Hoy intentando escribir un mensaje a un amigo francés me surgió una duda. ¿El pasado imperfecto de subjuntivo en francés se utiliza o qué se utiliza en su lugar? Sé que en las listas de conjugación este tiempo existe, pero me preguntaba si realmente los franceses lo utilizan o emplean alguna otra cosa.
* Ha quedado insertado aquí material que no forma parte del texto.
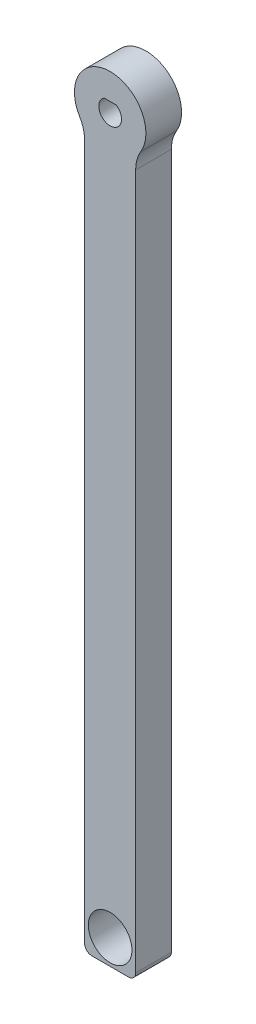
ISO-10303-21;
HEADER;
FILE_DESCRIPTION(('STEP AP214'),'2;1');
FILE_NAME('part.step','',(''),(''),'','','');
FILE_SCHEMA(('AUTOMOTIVE_DESIGN { 1 0 10303 214 1 1 1 1 }'));
ENDSEC;
DATA;
#1=APPLICATION_CONTEXT('core data for automotive mechanical design processes');
#2=APPLICATION_PROTOCOL_DEFINITION('international standard','automotive_design',2000,#1);
#3=PRODUCT_CONTEXT('',#1,'mechanical');
#4=PRODUCT('Part','Part','',(#3));
#5=PRODUCT_RELATED_PRODUCT_CATEGORY('part','',(#4));
#6=PRODUCT_DEFINITION_FORMATION('','',#4);
#7=PRODUCT_DEFINITION_CONTEXT('part definition',#1,'design');
#8=PRODUCT_DEFINITION('design','',#6,#7);
#9=PRODUCT_DEFINITION_SHAPE('','',#8);
#10=(LENGTH_UNIT() NAMED_UNIT(*) SI_UNIT(.MILLI.,.METRE.));
#11=(NAMED_UNIT(*) PLANE_ANGLE_UNIT() SI_UNIT($,.RADIAN.));
#12=(NAMED_UNIT(*) SI_UNIT($,.STERADIAN.) SOLID_ANGLE_UNIT());
#13=UNCERTAINTY_MEASURE_WITH_UNIT(LENGTH_MEASURE(1.E-05),#10,'distance_accuracy_value','');
#14=(GEOMETRIC_REPRESENTATION_CONTEXT(3) GLOBAL_UNCERTAINTY_ASSIGNED_CONTEXT((#13)) GLOBAL_UNIT_ASSIGNED_CONTEXT((#10,
#11,#12)) REPRESENTATION_CONTEXT('',''));
#15=CARTESIAN_POINT('',(0.,0.,0.));
#16=DIRECTION('',(0.,0.,1.));
#17=DIRECTION('',(1.,0.,0.));
#18=AXIS2_PLACEMENT_3D('',#15,#16,#17);
#19=CARTESIAN_POINT('',(0.,0.,10.));
#20=DIRECTION('',(0.,0.,-1.));
#21=DIRECTION('',(-1.,0.,0.));
#22=AXIS2_PLACEMENT_3D('',#19,#20,#21);
#23=CYLINDRICAL_SURFACE('',#22,10.);
#24=CARTESIAN_POINT('',(0.,0.,0.));
#25=DIRECTION('',(0.,0.,1.));
#26=DIRECTION('',(1.,0.,0.));
#27=AXIS2_PLACEMENT_3D('',#24,#25,#26);
#28=CIRCLE('',#27,10.);
#29=CARTESIAN_POINT('',(8.57071421427143,-5.15197611187064,0.));
#30=VERTEX_POINT('',#29);
#31=CARTESIAN_POINT('',(-8.57071421427143,-5.15197611187064,0.));
#32=VERTEX_POINT('',#31);
#33=EDGE_CURVE('E143',#30,#32,#28,.T.);
#34=ORIENTED_EDGE('',*,*,#33,.T.);
#35=DIRECTION('',(0.,0.,-1.));
#36=VECTOR('',#35,1.);
#37=CARTESIAN_POINT('',(-8.57071421427143,-5.15197611187064,10.));
#38=LINE('',#37,#36);
#39=CARTESIAN_POINT('',(-8.57071421427143,-5.15197611187064,10.));
#40=VERTEX_POINT('',#39);
#41=EDGE_CURVE('E169',#32,#40,#38,.F.);
#42=ORIENTED_EDGE('',*,*,#41,.T.);
#43=CARTESIAN_POINT('',(0.,0.,10.));
#44=DIRECTION('',(0.,0.,1.));
#45=DIRECTION('',(1.,0.,0.));
#46=AXIS2_PLACEMENT_3D('',#43,#44,#45);
#47=CIRCLE('',#46,10.);
#48=CARTESIAN_POINT('',(8.57071421427143,-5.15197611187064,10.));
#49=VERTEX_POINT('',#48);
#50=EDGE_CURVE('E138',#49,#40,#47,.T.);
#51=ORIENTED_EDGE('',*,*,#50,.F.);
#52=DIRECTION('',(0.,0.,-1.));
#53=VECTOR('',#52,1.);
#54=CARTESIAN_POINT('',(8.57071421427143,-5.15197611187064,10.));
#55=LINE('',#54,#53);
#56=EDGE_CURVE('E165',#49,#30,#55,.T.);
#57=ORIENTED_EDGE('',*,*,#56,.T.);
#58=EDGE_LOOP('',(#34,#42,#51,#57));
#59=FACE_BOUND('',#58,.T.);
#60=ADVANCED_FACE('F41',(#59),#23,.T.);
#61=CARTESIAN_POINT('',(0.,0.,10.));
#62=DIRECTION('',(0.,0.,1.));
#63=DIRECTION('',(1.,0.,0.));
#64=AXIS2_PLACEMENT_3D('',#61,#62,#63);
#65=PLANE('',#64);
#66=CARTESIAN_POINT('',(0.,-200.,10.));
#67=DIRECTION('',(0.,0.,-1.));
#68=DIRECTION('',(-1.,0.,0.));
#69=AXIS2_PLACEMENT_3D('',#66,#67,#68);
#70=CIRCLE('',#69,6.11);
#71=CARTESIAN_POINT('',(-6.11,-200.,10.));
#72=VERTEX_POINT('',#71);
#73=EDGE_CURVE('E222',#72,#72,#70,.T.);
#74=ORIENTED_EDGE('',*,*,#73,.T.);
#75=EDGE_LOOP('',(#74));
#76=FACE_BOUND('',#75,.T.);
#77=CARTESIAN_POINT('',(0.,0.,10.));
#78=DIRECTION('',(0.,0.,1.));
#79=DIRECTION('',(1.,0.,0.));
#80=AXIS2_PLACEMENT_3D('',#77,#78,#79);
#81=CIRCLE('',#80,3.19);
#82=CARTESIAN_POINT('',(-1.66664333317,2.72,10.));
#83=VERTEX_POINT('',#82);
#84=CARTESIAN_POINT('',(1.66664333317,2.72,10.));
#85=VERTEX_POINT('',#84);
#86=EDGE_CURVE('E123',#83,#85,#81,.T.);
#87=ORIENTED_EDGE('',*,*,#86,.F.);
#88=DIRECTION('',(1.,0.,0.));
#89=VECTOR('',#88,1.);
#90=CARTESIAN_POINT('',(0.,2.72,10.));
#91=LINE('',#90,#89);
#92=EDGE_CURVE('E134',#83,#85,#91,.T.);
#93=ORIENTED_EDGE('',*,*,#92,.T.);
#94=EDGE_LOOP('',(#87,#93));
#95=FACE_BOUND('',#94,.T.);
#96=DIRECTION('',(-1.,0.,0.));
#97=VECTOR('',#96,1.);
#98=CARTESIAN_POINT('',(7.14142842854285,-207.,10.));
#99=LINE('',#98,#97);
#100=CARTESIAN_POINT('',(5.14142842854285,-207.,10.));
#101=VERTEX_POINT('',#100);
#102=CARTESIAN_POINT('',(-5.14142842854285,-207.,10.));
#103=VERTEX_POINT('',#102);
#104=EDGE_CURVE('E221',#101,#103,#99,.T.);
#105=ORIENTED_EDGE('',*,*,#104,.F.);
#106=CARTESIAN_POINT('',(5.14142842854285,-205.,10.));
#107=DIRECTION('',(0.,0.,1.));
#108=DIRECTION('',(1.,0.,0.));
#109=AXIS2_PLACEMENT_3D('',#106,#107,#108);
#110=CIRCLE('',#109,2.);
#111=CARTESIAN_POINT('',(7.14142842854285,-205.,10.));
#112=VERTEX_POINT('',#111);
#113=EDGE_CURVE('E201',#101,#112,#110,.T.);
#114=ORIENTED_EDGE('',*,*,#113,.T.);
#115=DIRECTION('',(0.,1.,0.));
#116=VECTOR('',#115,1.);
#117=CARTESIAN_POINT('',(7.14142842854285,-207.,10.));
#118=LINE('',#117,#116);
#119=CARTESIAN_POINT('',(7.14142842854285,-10.3039522237413,10.));
#120=VERTEX_POINT('',#119);
#121=EDGE_CURVE('E225',#112,#120,#118,.T.);
#122=ORIENTED_EDGE('',*,*,#121,.T.);
#123=CARTESIAN_POINT('',(17.1414284285429,-10.3039522237413,10.));
#124=DIRECTION('',(0.,0.,1.));
#125=DIRECTION('',(1.,0.,0.));
#126=AXIS2_PLACEMENT_3D('',#123,#124,#125);
#127=CIRCLE('',#126,10.);
#128=EDGE_CURVE('E187',#120,#49,#127,.F.);
#129=ORIENTED_EDGE('',*,*,#128,.T.);
#130=ORIENTED_EDGE('',*,*,#50,.T.);
#131=CARTESIAN_POINT('',(-17.1414284285429,-10.3039522237413,10.));
#132=DIRECTION('',(0.,0.,1.));
#133=DIRECTION('',(1.,0.,0.));
#134=AXIS2_PLACEMENT_3D('',#131,#132,#133);
#135=CIRCLE('',#134,10.);
#136=CARTESIAN_POINT('',(-7.14142842854285,-10.3039522237413,10.));
#137=VERTEX_POINT('',#136);
#138=EDGE_CURVE('E179',#40,#137,#135,.F.);
#139=ORIENTED_EDGE('',*,*,#138,.T.);
#140=DIRECTION('',(0.,1.,0.));
#141=VECTOR('',#140,1.);
#142=CARTESIAN_POINT('',(-7.14142842854285,-207.,10.));
#143=LINE('',#142,#141);
#144=CARTESIAN_POINT('',(-7.14142842854285,-205.,10.));
#145=VERTEX_POINT('',#144);
#146=EDGE_CURVE('E230',#145,#137,#143,.T.);
#147=ORIENTED_EDGE('',*,*,#146,.F.);
#148=CARTESIAN_POINT('',(-5.14142842854285,-205.,10.));
#149=DIRECTION('',(0.,0.,1.));
#150=DIRECTION('',(1.,0.,0.));
#151=AXIS2_PLACEMENT_3D('',#148,#149,#150);
#152=CIRCLE('',#151,2.);
#153=EDGE_CURVE('E198',#145,#103,#152,.T.);
#154=ORIENTED_EDGE('',*,*,#153,.T.);
#155=EDGE_LOOP('',(#105,#114,#122,#129,#130,#139,#147,#154));
#156=FACE_BOUND('',#155,.T.);
#157=ADVANCED_FACE('F140',(#76,#95,#156),#65,.T.);
#158=CARTESIAN_POINT('',(0.,0.,0.));
#159=DIRECTION('',(0.,0.,1.));
#160=DIRECTION('',(1.,0.,0.));
#161=AXIS2_PLACEMENT_3D('',#158,#159,#160);
#162=PLANE('',#161);
#163=CARTESIAN_POINT('',(0.,-200.,0.));
#164=DIRECTION('',(0.,0.,-1.));
#165=DIRECTION('',(-1.,0.,0.));
#166=AXIS2_PLACEMENT_3D('',#163,#164,#165);
#167=CIRCLE('',#166,6.11);
#168=CARTESIAN_POINT('',(-6.11,-200.,0.));
#169=VERTEX_POINT('',#168);
#170=EDGE_CURVE('E238',#169,#169,#167,.T.);
#171=ORIENTED_EDGE('',*,*,#170,.F.);
#172=EDGE_LOOP('',(#171));
#173=FACE_BOUND('',#172,.T.);
#174=CARTESIAN_POINT('',(0.,0.,0.));
#175=DIRECTION('',(0.,0.,1.));
#176=DIRECTION('',(1.,0.,0.));
#177=AXIS2_PLACEMENT_3D('',#174,#175,#176);
#178=CIRCLE('',#177,3.19);
#179=CARTESIAN_POINT('',(-1.66664333317,2.72,0.));
#180=VERTEX_POINT('',#179);
#181=CARTESIAN_POINT('',(1.66664333317,2.72,0.));
#182=VERTEX_POINT('',#181);
#183=EDGE_CURVE('E125',#180,#182,#178,.T.);
#184=ORIENTED_EDGE('',*,*,#183,.T.);
#185=DIRECTION('',(1.,0.,0.));
#186=VECTOR('',#185,1.);
#187=CARTESIAN_POINT('',(0.,2.72,0.));
#188=LINE('',#187,#186);
#189=EDGE_CURVE('E147',#180,#182,#188,.T.);
#190=ORIENTED_EDGE('',*,*,#189,.F.);
#191=EDGE_LOOP('',(#184,#190));
#192=FACE_BOUND('',#191,.T.);
#193=DIRECTION('',(0.,1.,0.));
#194=VECTOR('',#193,1.);
#195=CARTESIAN_POINT('',(7.14142842854285,-207.,0.));
#196=LINE('',#195,#194);
#197=CARTESIAN_POINT('',(7.14142842854285,-205.,0.));
#198=VERTEX_POINT('',#197);
#199=CARTESIAN_POINT('',(7.14142842854285,-10.3039522237413,0.));
#200=VERTEX_POINT('',#199);
#201=EDGE_CURVE('E212',#198,#200,#196,.T.);
#202=ORIENTED_EDGE('',*,*,#201,.F.);
#203=CARTESIAN_POINT('',(5.14142842854285,-205.,0.));
#204=DIRECTION('',(0.,0.,1.));
#205=DIRECTION('',(1.,0.,0.));
#206=AXIS2_PLACEMENT_3D('',#203,#204,#205);
#207=CIRCLE('',#206,2.);
#208=CARTESIAN_POINT('',(5.14142842854285,-207.,0.));
#209=VERTEX_POINT('',#208);
#210=EDGE_CURVE('E50',#198,#209,#207,.F.);
#211=ORIENTED_EDGE('',*,*,#210,.T.);
#212=DIRECTION('',(1.,0.,0.));
#213=VECTOR('',#212,1.);
#214=CARTESIAN_POINT('',(-7.14142842854285,-207.,0.));
#215=LINE('',#214,#213);
#216=CARTESIAN_POINT('',(-5.14142842854285,-207.,0.));
#217=VERTEX_POINT('',#216);
#218=EDGE_CURVE('E211',#217,#209,#215,.T.);
#219=ORIENTED_EDGE('',*,*,#218,.F.);
#220=CARTESIAN_POINT('',(-5.14142842854285,-205.,0.));
#221=DIRECTION('',(0.,0.,1.));
#222=DIRECTION('',(1.,0.,0.));
#223=AXIS2_PLACEMENT_3D('',#220,#221,#222);
#224=CIRCLE('',#223,2.);
#225=CARTESIAN_POINT('',(-7.14142842854285,-205.,0.));
#226=VERTEX_POINT('',#225);
#227=EDGE_CURVE('E57',#217,#226,#224,.F.);
#228=ORIENTED_EDGE('',*,*,#227,.T.);
#229=DIRECTION('',(0.,1.,0.));
#230=VECTOR('',#229,1.);
#231=CARTESIAN_POINT('',(-7.14142842854285,-207.,0.));
#232=LINE('',#231,#230);
#233=CARTESIAN_POINT('',(-7.14142842854285,-10.3039522237413,0.));
#234=VERTEX_POINT('',#233);
#235=EDGE_CURVE('E150',#226,#234,#232,.T.);
#236=ORIENTED_EDGE('',*,*,#235,.T.);
#237=CARTESIAN_POINT('',(-17.1414284285429,-10.3039522237413,0.));
#238=DIRECTION('',(0.,0.,1.));
#239=DIRECTION('',(1.,0.,0.));
#240=AXIS2_PLACEMENT_3D('',#237,#238,#239);
#241=CIRCLE('',#240,10.);
#242=EDGE_CURVE('E176',#234,#32,#241,.T.);
#243=ORIENTED_EDGE('',*,*,#242,.T.);
#244=ORIENTED_EDGE('',*,*,#33,.F.);
#245=CARTESIAN_POINT('',(17.1414284285429,-10.3039522237413,0.));
#246=DIRECTION('',(0.,0.,1.));
#247=DIRECTION('',(1.,0.,0.));
#248=AXIS2_PLACEMENT_3D('',#245,#246,#247);
#249=CIRCLE('',#248,10.);
#250=EDGE_CURVE('E183',#30,#200,#249,.T.);
#251=ORIENTED_EDGE('',*,*,#250,.T.);
#252=EDGE_LOOP('',(#202,#211,#219,#228,#236,#243,#244,#251));
#253=FACE_BOUND('',#252,.T.);
#254=ADVANCED_FACE('F210',(#173,#192,#253),#162,.F.);
#255=CARTESIAN_POINT('',(0.,0.,10.));
#256=DIRECTION('',(0.,0.,-1.));
#257=DIRECTION('',(-1.,0.,0.));
#258=AXIS2_PLACEMENT_3D('',#255,#256,#257);
#259=CYLINDRICAL_SURFACE('',#258,3.19);
#260=ORIENTED_EDGE('',*,*,#183,.F.);
#261=DIRECTION('',(0.,0.,-1.));
#262=VECTOR('',#261,1.);
#263=CARTESIAN_POINT('',(-1.66664333317,2.72,10.));
#264=LINE('',#263,#262);
#265=EDGE_CURVE('E119',#83,#180,#264,.T.);
#266=ORIENTED_EDGE('',*,*,#265,.F.);
#267=ORIENTED_EDGE('',*,*,#86,.T.);
#268=DIRECTION('',(0.,0.,-1.));
#269=VECTOR('',#268,1.);
#270=CARTESIAN_POINT('',(1.66664333317,2.72,10.));
#271=LINE('',#270,#269);
#272=EDGE_CURVE('E131',#85,#182,#271,.T.);
#273=ORIENTED_EDGE('',*,*,#272,.T.);
#274=EDGE_LOOP('',(#260,#266,#267,#273));
#275=FACE_BOUND('',#274,.T.);
#276=ADVANCED_FACE('F121',(#275),#259,.F.);
#277=CARTESIAN_POINT('',(0.,2.72,10.));
#278=DIRECTION('',(0.,1.,0.));
#279=DIRECTION('',(0.,0.,1.));
#280=AXIS2_PLACEMENT_3D('',#277,#278,#279);
#281=PLANE('',#280);
#282=ORIENTED_EDGE('',*,*,#189,.T.);
#283=ORIENTED_EDGE('',*,*,#272,.F.);
#284=ORIENTED_EDGE('',*,*,#92,.F.);
#285=ORIENTED_EDGE('',*,*,#265,.T.);
#286=EDGE_LOOP('',(#282,#283,#284,#285));
#287=FACE_BOUND('',#286,.T.);
#288=ADVANCED_FACE('F135',(#287),#281,.F.);
#289=CARTESIAN_POINT('',(-7.14142842854285,-207.,10.));
#290=DIRECTION('',(1.,0.,0.));
#291=DIRECTION('',(0.,0.,-1.));
#292=AXIS2_PLACEMENT_3D('',#289,#290,#291);
#293=PLANE('',#292);
#294=ORIENTED_EDGE('',*,*,#235,.F.);
#295=DIRECTION('',(0.,0.,-1.));
#296=VECTOR('',#295,1.);
#297=CARTESIAN_POINT('',(-7.14142842854285,-205.,10.));
#298=LINE('',#297,#296);
#299=EDGE_CURVE('E11',#226,#145,#298,.F.);
#300=ORIENTED_EDGE('',*,*,#299,.T.);
#301=ORIENTED_EDGE('',*,*,#146,.T.);
#302=DIRECTION('',(0.,0.,1.));
#303=VECTOR('',#302,1.);
#304=CARTESIAN_POINT('',(-7.14142842854285,-10.3039522237413,0.));
#305=LINE('',#304,#303);
#306=EDGE_CURVE('E130',#137,#234,#305,.F.);
#307=ORIENTED_EDGE('',*,*,#306,.T.);
#308=EDGE_LOOP('',(#294,#300,#301,#307));
#309=FACE_BOUND('',#308,.T.);
#310=ADVANCED_FACE('F270',(#309),#293,.F.);
#311=CARTESIAN_POINT('',(7.14142842854285,-207.,0.));
#312=DIRECTION('',(-1.,0.,0.));
#313=DIRECTION('',(0.,0.,1.));
#314=AXIS2_PLACEMENT_3D('',#311,#312,#313);
#315=PLANE('',#314);
#316=ORIENTED_EDGE('',*,*,#121,.F.);
#317=DIRECTION('',(0.,0.,1.));
#318=VECTOR('',#317,1.);
#319=CARTESIAN_POINT('',(7.14142842854285,-205.,0.));
#320=LINE('',#319,#318);
#321=EDGE_CURVE('E65',#112,#198,#320,.F.);
#322=ORIENTED_EDGE('',*,*,#321,.T.);
#323=ORIENTED_EDGE('',*,*,#201,.T.);
#324=DIRECTION('',(0.,0.,1.));
#325=VECTOR('',#324,1.);
#326=CARTESIAN_POINT('',(7.14142842854285,-10.3039522237413,10.));
#327=LINE('',#326,#325);
#328=EDGE_CURVE('E172',#200,#120,#327,.T.);
#329=ORIENTED_EDGE('',*,*,#328,.T.);
#330=EDGE_LOOP('',(#316,#322,#323,#329));
#331=FACE_BOUND('',#330,.T.);
#332=ADVANCED_FACE('F226',(#331),#315,.F.);
#333=CARTESIAN_POINT('',(0.,-207.,0.));
#334=DIRECTION('',(0.,-1.,0.));
#335=DIRECTION('',(0.,0.,-1.));
#336=AXIS2_PLACEMENT_3D('',#333,#334,#335);
#337=PLANE('',#336);
#338=ORIENTED_EDGE('',*,*,#218,.T.);
#339=DIRECTION('',(0.,0.,1.));
#340=VECTOR('',#339,1.);
#341=CARTESIAN_POINT('',(5.14142842854285,-207.,10.));
#342=LINE('',#341,#340);
#343=EDGE_CURVE('E194',#209,#101,#342,.T.);
#344=ORIENTED_EDGE('',*,*,#343,.T.);
#345=ORIENTED_EDGE('',*,*,#104,.T.);
#346=DIRECTION('',(0.,0.,-1.));
#347=VECTOR('',#346,1.);
#348=CARTESIAN_POINT('',(-5.14142842854285,-207.,0.));
#349=LINE('',#348,#347);
#350=EDGE_CURVE('E190',#103,#217,#349,.T.);
#351=ORIENTED_EDGE('',*,*,#350,.T.);
#352=EDGE_LOOP('',(#338,#344,#345,#351));
#353=FACE_BOUND('',#352,.T.);
#354=ADVANCED_FACE('F216',(#353),#337,.T.);
#355=CARTESIAN_POINT('',(0.,-200.,10.));
#356=DIRECTION('',(0.,0.,-1.));
#357=DIRECTION('',(-1.,0.,0.));
#358=AXIS2_PLACEMENT_3D('',#355,#356,#357);
#359=CYLINDRICAL_SURFACE('',#358,6.11);
#360=ORIENTED_EDGE('',*,*,#73,.F.);
#361=EDGE_LOOP('',(#360));
#362=FACE_BOUND('',#361,.T.);
#363=ORIENTED_EDGE('',*,*,#170,.T.);
#364=EDGE_LOOP('',(#363));
#365=FACE_BOUND('',#364,.T.);
#366=ADVANCED_FACE('F247',(#362,#365),#359,.F.);
#367=CARTESIAN_POINT('',(-17.1414284285429,-10.3039522237413,10.));
#368=DIRECTION('',(0.,0.,-1.));
#369=DIRECTION('',(-1.,0.,0.));
#370=AXIS2_PLACEMENT_3D('',#367,#368,#369);
#371=CYLINDRICAL_SURFACE('',#370,10.);
#372=ORIENTED_EDGE('',*,*,#138,.F.);
#373=ORIENTED_EDGE('',*,*,#41,.F.);
#374=ORIENTED_EDGE('',*,*,#242,.F.);
#375=ORIENTED_EDGE('',*,*,#306,.F.);
#376=EDGE_LOOP('',(#372,#373,#374,#375));
#377=FACE_BOUND('',#376,.T.);
#378=ADVANCED_FACE('F250',(#377),#371,.F.);
#379=CARTESIAN_POINT('',(17.1414284285429,-10.3039522237413,10.));
#380=DIRECTION('',(0.,0.,-1.));
#381=DIRECTION('',(-1.,0.,0.));
#382=AXIS2_PLACEMENT_3D('',#379,#380,#381);
#383=CYLINDRICAL_SURFACE('',#382,10.);
#384=ORIENTED_EDGE('',*,*,#128,.F.);
#385=ORIENTED_EDGE('',*,*,#328,.F.);
#386=ORIENTED_EDGE('',*,*,#250,.F.);
#387=ORIENTED_EDGE('',*,*,#56,.F.);
#388=EDGE_LOOP('',(#384,#385,#386,#387));
#389=FACE_BOUND('',#388,.T.);
#390=ADVANCED_FACE('F274',(#389),#383,.F.);
#391=CARTESIAN_POINT('',(5.14142842854285,-205.,0.));
#392=DIRECTION('',(0.,0.,-1.));
#393=DIRECTION('',(-1.,0.,0.));
#394=AXIS2_PLACEMENT_3D('',#391,#392,#393);
#395=CYLINDRICAL_SURFACE('',#394,2.);
#396=ORIENTED_EDGE('',*,*,#210,.F.);
#397=ORIENTED_EDGE('',*,*,#321,.F.);
#398=ORIENTED_EDGE('',*,*,#113,.F.);
#399=ORIENTED_EDGE('',*,*,#343,.F.);
#400=EDGE_LOOP('',(#396,#397,#398,#399));
#401=FACE_BOUND('',#400,.T.);
#402=ADVANCED_FACE('F224',(#401),#395,.T.);
#403=CARTESIAN_POINT('',(-5.14142842854285,-205.,0.));
#404=DIRECTION('',(0.,0.,1.));
#405=DIRECTION('',(1.,0.,0.));
#406=AXIS2_PLACEMENT_3D('',#403,#404,#405);
#407=CYLINDRICAL_SURFACE('',#406,2.);
#408=ORIENTED_EDGE('',*,*,#153,.F.);
#409=ORIENTED_EDGE('',*,*,#299,.F.);
#410=ORIENTED_EDGE('',*,*,#227,.F.);
#411=ORIENTED_EDGE('',*,*,#350,.F.);
#412=EDGE_LOOP('',(#408,#409,#410,#411));
#413=FACE_BOUND('',#412,.T.);
#414=ADVANCED_FACE('F43',(#413),#407,.T.);
#415=CLOSED_SHELL('',(#60,#157,#254,#276,#288,#310,#332,#354,#366,#378,#390,#402,#414));
#416=MANIFOLD_SOLID_BREP('B2',#415);
#417=ADVANCED_BREP_SHAPE_REPRESENTATION('',(#18,#416),#14);
#418=SHAPE_DEFINITION_REPRESENTATION(#9,#417);
ENDSEC;
END-ISO-10303-21;

Por ejemplo, cómo se traduciría esta frase: "Tu no querías que él viniera a la fiesta el sábado". 

Las opciones que barajo:

"Tu ne voulait pas qu'il vînt à la fête le samedi".
"Tu ne voulait pas qu'il venait à la fête le samedi".
"Tu ne voulait pas qu'il vienne à la fête le samedi".
"Tu ne voulait pas qu'il soit venu à la fête le samedi".


----------



## elisaelisaelisa

*NUEVA PREGUNTA
Hilos unidos*​
hola, traduciendo un texto castellano-francés, me encuentro un montón de verbos (en español) conjugados en imperfecto de subjuntivo.....
Por ejemplo: "El gobernador quería que todas las mujeres se* alinearan* a la orilla de la carretera y* saludaran *y *aclamaran* al general....etc"


No sé si utilizar l'imparfait du subjonctif en francés,(...que les femmes s'alignassent... et saluassent, et aclamassent...) porque parece ser que se utiliza muy poco... pero en español es bastante común, la pregunta es: qué otro tiempo verbal puede usarse en francés para sustituir el imperfecto de subjuntivo?
Merci beaucoup les gars!


----------



## Philippides

que les femmes s'alignent, saluent et acclament


----------



## christelleny

En el francés hablado y el francés escrito de todos los días, el imperfecto del subjuntivo ha caido en desuso, pero sigue usándose en la literatura.
El tiempo que se le sustituye en le francés corriente es el presente del sunjuntivo:

[...] que les femmes s'alignent... saluent...aclament


----------



## elisaelisaelisa

muchísimas gracias christelleny!


----------